If restored, what will probably stay, Brubaker confides, is a grove of eucalyptus trees. Possibly the most lambasted of the Bay Area's nonnative trees, in the case of Skaggs Island, a grove near the Sonoma Creek houses a natural wonder, even more remarkable for its roadside visibility — a heron and egret rookery.
Nest in the eucalyptus grove at Skaggs Island, an egret and heron rookery. Photo by Jocelyn Knight.
Time Will Tell
We've left Skaggs Island to make a quick stop on the other side of the refuge, near Brubaker's small ranger station not far from the Infineon Raceway turnoff, before calling it a day.
An experimental wetland restoration project by the Army Corps of Engineers is what we're viewing, a thriving example of how San Pablo Bay did — and could — look in its natural state. Here, that natural state is a classic wetland landscape: islands of cordgrass, pickleweed and glasswort, which attracts the endangered salt marsh harvest mouse, scattered like steps in healthy, still water.

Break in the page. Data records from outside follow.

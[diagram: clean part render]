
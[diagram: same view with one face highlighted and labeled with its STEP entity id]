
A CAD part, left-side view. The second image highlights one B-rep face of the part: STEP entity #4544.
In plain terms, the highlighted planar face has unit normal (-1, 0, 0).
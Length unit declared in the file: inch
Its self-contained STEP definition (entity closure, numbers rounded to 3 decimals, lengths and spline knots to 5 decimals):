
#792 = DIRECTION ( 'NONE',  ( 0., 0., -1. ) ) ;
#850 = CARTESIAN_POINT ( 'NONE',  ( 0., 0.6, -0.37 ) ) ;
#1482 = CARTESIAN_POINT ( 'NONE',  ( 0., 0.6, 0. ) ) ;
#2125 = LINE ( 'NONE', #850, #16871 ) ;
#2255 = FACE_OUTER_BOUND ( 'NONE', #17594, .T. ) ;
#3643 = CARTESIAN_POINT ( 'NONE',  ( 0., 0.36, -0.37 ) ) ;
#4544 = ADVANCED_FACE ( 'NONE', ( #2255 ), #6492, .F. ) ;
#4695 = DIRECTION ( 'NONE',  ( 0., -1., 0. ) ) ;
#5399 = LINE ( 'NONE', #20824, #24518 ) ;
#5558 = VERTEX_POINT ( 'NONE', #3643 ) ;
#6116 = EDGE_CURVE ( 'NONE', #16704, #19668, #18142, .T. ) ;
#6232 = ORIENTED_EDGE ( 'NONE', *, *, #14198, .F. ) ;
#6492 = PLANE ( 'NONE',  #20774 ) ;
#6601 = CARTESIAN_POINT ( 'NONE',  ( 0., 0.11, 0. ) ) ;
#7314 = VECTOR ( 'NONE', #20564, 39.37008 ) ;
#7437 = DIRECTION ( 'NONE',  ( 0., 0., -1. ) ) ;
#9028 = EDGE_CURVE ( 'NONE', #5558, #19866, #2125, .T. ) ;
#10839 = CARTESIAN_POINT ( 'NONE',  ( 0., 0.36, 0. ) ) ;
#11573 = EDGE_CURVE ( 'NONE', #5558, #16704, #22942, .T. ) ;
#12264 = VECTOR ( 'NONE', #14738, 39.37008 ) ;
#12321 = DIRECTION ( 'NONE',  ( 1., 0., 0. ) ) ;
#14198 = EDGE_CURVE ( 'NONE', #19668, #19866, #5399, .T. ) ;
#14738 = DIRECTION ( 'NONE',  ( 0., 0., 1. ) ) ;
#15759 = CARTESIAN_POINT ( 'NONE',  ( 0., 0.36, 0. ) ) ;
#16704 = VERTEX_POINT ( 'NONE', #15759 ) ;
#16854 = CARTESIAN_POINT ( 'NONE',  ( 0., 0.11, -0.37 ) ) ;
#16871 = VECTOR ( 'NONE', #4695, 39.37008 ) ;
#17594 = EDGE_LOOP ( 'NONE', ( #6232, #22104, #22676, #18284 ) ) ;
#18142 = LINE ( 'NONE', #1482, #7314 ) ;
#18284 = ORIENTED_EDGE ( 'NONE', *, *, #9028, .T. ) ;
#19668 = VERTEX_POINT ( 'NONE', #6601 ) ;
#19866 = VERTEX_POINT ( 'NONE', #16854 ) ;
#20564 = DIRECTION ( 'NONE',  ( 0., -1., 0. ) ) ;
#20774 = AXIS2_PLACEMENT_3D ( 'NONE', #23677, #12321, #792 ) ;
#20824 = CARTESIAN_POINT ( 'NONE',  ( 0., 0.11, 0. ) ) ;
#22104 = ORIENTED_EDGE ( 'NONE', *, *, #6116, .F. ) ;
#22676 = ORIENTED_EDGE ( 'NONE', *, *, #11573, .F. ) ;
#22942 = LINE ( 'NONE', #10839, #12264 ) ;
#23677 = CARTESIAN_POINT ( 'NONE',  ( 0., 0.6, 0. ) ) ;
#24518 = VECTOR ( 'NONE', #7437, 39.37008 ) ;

It is a small but impressive example of a larger Army Corps of Engineers project aimed at restoring agricultural land — and it's open to the public.
While the majority of the San Pablo Bay refuge is closed to the public — Skaggs Island, in particular, with its locked gate — Brubaker talks of opening more areas for educational purposes and for recreational viewing. He also has his eyes set on connecting the refuge with the around-the-bay Bay Trail.
Whether more land is restored, agricultural or at Skaggs Island, or whether Brubaker's Bay Trail connection comes to fruition, only time will tell.
While "the challenges and opportunities are endless" for giving wildlands like San Pablo Bay a second chance, patience is what Brubaker and his colleagues learn to develop early on.
From experience he advises, "Nothing is going to happen overnight."